Turning to the ever-reliable Old Rose Adventurer for a description (he supplies many), I found this one most apt: "Flower rose-red, striped and variegated with white, fragrant. Growth vigorous."

Vigorous indeed--mine doubles or triples in size every year--meaning I get two and three times the blooms I had the previous June. What a champion!

Because it struck people as so romantically different, it was labeled "Rosamunde" for Fair Rosamund. Those familiar with English history will know she was the beautiful (tragic) mistress of King Henry II, unfaithful husband of Eleanor of Aquitaine--leading to a rumour/legend that the Queen poisoned her rival. The association of the exquisite lady and the exotic rose is a fanciful; it's unlikely that poor Rosamunde Clifford ever saw it, due to the fact that she died centuries before its supposed debut.

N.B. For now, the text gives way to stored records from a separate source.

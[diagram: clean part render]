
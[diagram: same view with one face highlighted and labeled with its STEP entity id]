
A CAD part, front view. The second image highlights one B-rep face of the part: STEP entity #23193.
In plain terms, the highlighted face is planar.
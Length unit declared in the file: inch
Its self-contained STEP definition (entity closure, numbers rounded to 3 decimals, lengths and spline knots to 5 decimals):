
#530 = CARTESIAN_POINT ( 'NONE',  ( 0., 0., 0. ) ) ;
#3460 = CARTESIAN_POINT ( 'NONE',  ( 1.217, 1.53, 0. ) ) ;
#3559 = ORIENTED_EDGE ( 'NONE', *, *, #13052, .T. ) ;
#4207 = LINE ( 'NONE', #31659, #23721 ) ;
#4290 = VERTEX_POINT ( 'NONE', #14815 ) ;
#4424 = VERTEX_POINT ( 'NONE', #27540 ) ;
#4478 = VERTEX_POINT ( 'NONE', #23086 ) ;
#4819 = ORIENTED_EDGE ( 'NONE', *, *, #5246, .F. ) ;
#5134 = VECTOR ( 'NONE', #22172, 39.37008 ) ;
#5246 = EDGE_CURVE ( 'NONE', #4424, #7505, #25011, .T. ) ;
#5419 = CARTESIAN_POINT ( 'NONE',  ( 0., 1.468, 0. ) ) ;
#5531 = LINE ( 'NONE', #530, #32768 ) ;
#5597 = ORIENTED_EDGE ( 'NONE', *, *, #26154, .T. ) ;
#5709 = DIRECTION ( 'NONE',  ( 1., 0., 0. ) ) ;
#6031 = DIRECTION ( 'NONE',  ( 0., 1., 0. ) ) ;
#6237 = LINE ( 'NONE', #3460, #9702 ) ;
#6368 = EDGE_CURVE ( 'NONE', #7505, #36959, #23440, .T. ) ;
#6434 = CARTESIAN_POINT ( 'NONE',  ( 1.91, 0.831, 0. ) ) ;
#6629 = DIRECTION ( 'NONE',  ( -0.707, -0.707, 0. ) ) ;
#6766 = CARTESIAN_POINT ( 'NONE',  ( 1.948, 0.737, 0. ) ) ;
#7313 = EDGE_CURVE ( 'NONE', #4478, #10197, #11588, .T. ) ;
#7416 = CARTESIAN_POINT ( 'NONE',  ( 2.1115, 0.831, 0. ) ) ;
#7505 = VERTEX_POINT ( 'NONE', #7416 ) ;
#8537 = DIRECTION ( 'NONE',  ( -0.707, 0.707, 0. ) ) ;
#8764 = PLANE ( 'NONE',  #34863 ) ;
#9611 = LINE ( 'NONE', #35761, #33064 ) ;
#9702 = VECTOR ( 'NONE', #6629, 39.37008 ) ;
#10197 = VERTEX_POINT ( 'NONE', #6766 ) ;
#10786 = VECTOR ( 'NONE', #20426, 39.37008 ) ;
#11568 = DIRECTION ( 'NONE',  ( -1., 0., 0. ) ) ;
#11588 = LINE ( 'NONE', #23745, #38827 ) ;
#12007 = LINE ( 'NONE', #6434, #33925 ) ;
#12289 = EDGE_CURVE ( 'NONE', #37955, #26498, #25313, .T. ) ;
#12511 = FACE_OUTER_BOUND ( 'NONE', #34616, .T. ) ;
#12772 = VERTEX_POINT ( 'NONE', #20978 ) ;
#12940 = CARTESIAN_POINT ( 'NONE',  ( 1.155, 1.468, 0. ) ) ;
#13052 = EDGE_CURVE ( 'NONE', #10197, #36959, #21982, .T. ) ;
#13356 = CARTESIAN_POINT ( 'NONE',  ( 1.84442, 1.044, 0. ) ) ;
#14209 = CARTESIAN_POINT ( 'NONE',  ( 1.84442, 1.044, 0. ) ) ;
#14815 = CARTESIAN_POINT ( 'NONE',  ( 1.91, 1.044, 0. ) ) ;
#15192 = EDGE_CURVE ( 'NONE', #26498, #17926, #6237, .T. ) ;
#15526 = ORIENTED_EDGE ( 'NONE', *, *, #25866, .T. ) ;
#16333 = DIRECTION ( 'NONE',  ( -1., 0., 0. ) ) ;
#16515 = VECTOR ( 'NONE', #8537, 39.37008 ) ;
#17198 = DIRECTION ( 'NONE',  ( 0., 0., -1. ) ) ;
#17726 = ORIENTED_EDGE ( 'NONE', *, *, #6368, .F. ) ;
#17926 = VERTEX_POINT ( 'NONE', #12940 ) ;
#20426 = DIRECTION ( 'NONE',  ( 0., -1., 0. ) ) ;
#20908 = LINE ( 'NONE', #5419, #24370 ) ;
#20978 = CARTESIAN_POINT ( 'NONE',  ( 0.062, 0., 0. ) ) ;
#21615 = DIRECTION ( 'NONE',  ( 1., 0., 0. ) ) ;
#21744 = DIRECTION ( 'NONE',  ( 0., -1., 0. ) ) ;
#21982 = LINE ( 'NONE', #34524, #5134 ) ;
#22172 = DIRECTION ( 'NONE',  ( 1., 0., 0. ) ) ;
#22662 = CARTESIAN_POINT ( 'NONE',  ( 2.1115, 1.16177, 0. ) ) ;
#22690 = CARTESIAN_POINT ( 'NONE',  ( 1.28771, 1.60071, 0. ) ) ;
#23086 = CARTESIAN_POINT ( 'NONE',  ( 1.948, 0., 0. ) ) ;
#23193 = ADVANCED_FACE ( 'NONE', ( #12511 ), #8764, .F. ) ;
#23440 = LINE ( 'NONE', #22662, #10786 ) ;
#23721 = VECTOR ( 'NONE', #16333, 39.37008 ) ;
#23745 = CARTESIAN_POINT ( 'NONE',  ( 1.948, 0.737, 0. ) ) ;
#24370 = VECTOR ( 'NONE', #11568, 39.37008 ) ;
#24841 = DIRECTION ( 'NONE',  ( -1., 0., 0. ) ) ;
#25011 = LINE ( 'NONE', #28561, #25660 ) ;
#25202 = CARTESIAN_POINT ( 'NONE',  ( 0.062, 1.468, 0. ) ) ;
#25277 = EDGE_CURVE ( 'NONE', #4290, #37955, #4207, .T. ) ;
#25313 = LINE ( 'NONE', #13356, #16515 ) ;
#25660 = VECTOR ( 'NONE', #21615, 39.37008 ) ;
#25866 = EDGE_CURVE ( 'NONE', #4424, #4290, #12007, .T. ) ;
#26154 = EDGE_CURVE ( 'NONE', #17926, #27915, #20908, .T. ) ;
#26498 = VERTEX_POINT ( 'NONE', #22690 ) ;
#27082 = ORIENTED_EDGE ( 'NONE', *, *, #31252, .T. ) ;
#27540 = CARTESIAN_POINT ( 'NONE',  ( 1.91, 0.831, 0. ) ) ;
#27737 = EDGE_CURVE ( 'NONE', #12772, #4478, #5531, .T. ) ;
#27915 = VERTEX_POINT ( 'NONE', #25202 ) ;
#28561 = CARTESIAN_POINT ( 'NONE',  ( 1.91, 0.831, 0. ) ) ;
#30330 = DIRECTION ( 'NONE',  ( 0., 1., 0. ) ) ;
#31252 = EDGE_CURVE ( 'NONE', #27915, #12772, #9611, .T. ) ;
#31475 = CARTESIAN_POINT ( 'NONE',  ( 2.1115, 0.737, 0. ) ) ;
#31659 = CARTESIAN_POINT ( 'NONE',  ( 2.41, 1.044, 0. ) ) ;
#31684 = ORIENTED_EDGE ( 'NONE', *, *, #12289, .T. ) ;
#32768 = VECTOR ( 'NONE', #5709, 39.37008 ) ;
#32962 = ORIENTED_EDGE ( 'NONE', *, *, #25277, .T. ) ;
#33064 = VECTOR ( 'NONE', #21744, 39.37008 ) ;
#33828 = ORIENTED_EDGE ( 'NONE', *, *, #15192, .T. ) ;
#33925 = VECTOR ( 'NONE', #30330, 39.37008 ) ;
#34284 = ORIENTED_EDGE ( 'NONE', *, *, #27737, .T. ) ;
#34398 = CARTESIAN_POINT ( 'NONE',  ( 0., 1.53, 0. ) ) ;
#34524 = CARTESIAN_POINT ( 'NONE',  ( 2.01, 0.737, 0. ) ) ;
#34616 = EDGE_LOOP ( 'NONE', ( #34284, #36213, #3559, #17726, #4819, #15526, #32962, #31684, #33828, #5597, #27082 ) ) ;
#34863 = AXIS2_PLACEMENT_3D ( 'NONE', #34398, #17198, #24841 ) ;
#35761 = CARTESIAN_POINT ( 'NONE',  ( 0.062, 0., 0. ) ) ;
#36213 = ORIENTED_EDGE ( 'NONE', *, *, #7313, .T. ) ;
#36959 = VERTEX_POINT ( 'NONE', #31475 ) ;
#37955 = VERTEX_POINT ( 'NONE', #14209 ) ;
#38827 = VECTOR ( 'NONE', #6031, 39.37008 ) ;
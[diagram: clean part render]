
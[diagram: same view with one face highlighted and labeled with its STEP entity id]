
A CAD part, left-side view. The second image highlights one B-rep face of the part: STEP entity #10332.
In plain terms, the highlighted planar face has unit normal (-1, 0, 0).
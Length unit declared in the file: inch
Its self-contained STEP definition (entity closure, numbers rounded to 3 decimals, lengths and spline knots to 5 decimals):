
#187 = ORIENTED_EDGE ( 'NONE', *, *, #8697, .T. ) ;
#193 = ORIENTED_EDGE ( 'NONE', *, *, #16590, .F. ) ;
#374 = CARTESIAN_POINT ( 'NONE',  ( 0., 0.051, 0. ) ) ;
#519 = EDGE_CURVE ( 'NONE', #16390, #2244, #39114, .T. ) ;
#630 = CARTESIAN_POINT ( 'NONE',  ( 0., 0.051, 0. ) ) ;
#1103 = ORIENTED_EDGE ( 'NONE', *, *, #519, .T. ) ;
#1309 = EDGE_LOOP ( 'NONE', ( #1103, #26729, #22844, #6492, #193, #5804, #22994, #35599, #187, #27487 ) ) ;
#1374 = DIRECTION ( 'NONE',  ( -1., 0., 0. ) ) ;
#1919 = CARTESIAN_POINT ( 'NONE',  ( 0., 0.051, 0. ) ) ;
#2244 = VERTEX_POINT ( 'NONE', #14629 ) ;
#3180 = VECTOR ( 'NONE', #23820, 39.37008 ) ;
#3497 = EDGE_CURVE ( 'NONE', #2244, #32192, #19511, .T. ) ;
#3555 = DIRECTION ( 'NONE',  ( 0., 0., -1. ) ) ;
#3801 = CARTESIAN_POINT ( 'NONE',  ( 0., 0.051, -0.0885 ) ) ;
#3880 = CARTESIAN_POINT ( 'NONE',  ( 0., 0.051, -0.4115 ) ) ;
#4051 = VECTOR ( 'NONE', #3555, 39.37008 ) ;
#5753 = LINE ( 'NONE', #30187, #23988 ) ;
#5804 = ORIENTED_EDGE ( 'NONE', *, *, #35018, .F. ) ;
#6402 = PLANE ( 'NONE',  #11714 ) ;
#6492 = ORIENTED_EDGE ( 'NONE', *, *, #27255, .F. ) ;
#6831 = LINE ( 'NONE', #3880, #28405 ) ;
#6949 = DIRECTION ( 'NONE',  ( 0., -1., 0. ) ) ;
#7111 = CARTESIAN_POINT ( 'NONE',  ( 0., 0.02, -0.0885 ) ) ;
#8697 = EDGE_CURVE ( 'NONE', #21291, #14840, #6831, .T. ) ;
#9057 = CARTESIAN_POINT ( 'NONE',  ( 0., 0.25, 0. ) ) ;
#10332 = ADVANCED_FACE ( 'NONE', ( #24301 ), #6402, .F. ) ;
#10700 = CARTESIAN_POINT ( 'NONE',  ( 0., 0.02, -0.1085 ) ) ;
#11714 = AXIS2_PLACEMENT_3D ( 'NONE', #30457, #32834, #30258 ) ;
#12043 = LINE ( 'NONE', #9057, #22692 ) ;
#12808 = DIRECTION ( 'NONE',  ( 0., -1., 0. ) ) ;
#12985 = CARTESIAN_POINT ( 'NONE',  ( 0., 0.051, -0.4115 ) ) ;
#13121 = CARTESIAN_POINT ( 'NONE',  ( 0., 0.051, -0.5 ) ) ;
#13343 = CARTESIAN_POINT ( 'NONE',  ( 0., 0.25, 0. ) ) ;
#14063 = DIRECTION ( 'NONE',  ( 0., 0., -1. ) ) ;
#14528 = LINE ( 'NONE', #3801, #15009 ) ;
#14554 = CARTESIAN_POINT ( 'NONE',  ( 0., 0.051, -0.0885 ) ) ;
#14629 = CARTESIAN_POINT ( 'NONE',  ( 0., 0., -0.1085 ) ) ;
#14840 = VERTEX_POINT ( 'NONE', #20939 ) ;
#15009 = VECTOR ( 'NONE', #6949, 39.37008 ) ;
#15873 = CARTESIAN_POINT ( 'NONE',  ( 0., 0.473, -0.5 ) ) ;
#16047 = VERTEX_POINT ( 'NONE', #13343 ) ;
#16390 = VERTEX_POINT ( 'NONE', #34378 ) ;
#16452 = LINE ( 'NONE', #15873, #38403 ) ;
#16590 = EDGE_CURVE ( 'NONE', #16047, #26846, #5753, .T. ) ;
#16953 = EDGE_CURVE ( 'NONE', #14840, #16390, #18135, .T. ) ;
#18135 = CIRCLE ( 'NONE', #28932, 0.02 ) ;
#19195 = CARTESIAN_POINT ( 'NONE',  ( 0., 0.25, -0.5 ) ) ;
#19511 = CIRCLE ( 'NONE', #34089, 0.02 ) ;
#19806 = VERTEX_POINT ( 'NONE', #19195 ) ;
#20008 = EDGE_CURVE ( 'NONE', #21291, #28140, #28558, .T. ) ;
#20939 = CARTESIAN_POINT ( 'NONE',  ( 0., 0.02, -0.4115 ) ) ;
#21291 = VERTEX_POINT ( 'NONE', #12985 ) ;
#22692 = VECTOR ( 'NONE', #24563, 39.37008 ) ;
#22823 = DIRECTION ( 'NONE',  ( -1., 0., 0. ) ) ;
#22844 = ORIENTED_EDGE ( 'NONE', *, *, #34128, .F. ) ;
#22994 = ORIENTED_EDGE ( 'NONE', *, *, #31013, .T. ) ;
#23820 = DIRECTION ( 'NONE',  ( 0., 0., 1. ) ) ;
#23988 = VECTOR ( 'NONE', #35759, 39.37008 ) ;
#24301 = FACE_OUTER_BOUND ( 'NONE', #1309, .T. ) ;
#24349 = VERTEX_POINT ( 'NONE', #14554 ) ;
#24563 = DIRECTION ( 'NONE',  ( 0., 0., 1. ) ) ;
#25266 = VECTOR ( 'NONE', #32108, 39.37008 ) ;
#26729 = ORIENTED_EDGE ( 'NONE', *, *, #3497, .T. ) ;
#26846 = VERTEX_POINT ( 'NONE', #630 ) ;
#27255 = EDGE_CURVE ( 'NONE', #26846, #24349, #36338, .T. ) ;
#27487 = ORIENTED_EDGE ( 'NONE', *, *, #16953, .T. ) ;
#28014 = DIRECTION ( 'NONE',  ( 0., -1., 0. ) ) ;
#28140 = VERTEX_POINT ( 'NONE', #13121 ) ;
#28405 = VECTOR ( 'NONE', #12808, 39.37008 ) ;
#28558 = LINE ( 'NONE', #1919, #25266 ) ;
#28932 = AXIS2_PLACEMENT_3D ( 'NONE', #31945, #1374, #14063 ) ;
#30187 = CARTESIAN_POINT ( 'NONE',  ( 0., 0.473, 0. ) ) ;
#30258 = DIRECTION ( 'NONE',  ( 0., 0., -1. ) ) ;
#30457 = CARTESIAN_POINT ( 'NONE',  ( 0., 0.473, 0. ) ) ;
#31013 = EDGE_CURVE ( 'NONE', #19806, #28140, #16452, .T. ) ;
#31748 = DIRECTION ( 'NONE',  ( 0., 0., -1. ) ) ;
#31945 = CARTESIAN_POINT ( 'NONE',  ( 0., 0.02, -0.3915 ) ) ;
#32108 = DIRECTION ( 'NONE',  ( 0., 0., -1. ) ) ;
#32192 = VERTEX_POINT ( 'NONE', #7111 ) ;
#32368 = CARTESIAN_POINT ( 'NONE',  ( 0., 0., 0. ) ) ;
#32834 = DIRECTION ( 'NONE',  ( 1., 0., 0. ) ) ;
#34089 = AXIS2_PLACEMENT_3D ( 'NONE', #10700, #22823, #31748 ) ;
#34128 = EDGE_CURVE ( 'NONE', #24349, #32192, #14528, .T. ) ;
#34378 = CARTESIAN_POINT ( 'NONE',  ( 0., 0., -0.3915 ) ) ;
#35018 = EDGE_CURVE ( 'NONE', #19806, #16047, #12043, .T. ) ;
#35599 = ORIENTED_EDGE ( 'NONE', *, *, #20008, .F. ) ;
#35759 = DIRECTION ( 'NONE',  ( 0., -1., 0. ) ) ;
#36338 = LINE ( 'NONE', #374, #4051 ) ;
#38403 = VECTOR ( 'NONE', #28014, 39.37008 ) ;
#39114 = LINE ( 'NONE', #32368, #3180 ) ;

As soon as I found out Rosa Mundi would grow in New England, I planted it. The first bush didn't thrive (oh, the heartbreak!). But its successor is the ever-expansive, outrageously productive, dearly beloved monster whose current crop of blooms illustrates today's post.

Rosa Mundi has an even greater claim to fame in this household: it's featured on the cover art for the first edition of one of my novels. Life imitated art when my heroine's favourite rose became mine--or maybe it was a little bit vice versa. Anyway, I made sure to supply my cover artist with photographs from my garden. He kindly and approprately painted in several of my choices.

The framed painting hangs in my house. I purchased the original--how could I not, it was my own garden preserved on canvas!

The colour reproduction isn't terribly good--today my blinds are drawn over the windows to keep out the scorching sun and if I'd used my flash it would've glared off the paint. But you get the idea.

And don't listen to the gossip about how in rose season the Chap dons a puffy shirt and I put on a pink satin ballgown and we re-enact this scene. (We prefer to wear t-shirts and shorts.)

Here's the painted version of Rosa Mundi close-up. And beside it, another future Rose of the Day.

And here, again, is an actual blossom, photographed this morning. If you compare the painted image to the one below, they're nearly identical!

I only wish you could smell it, too!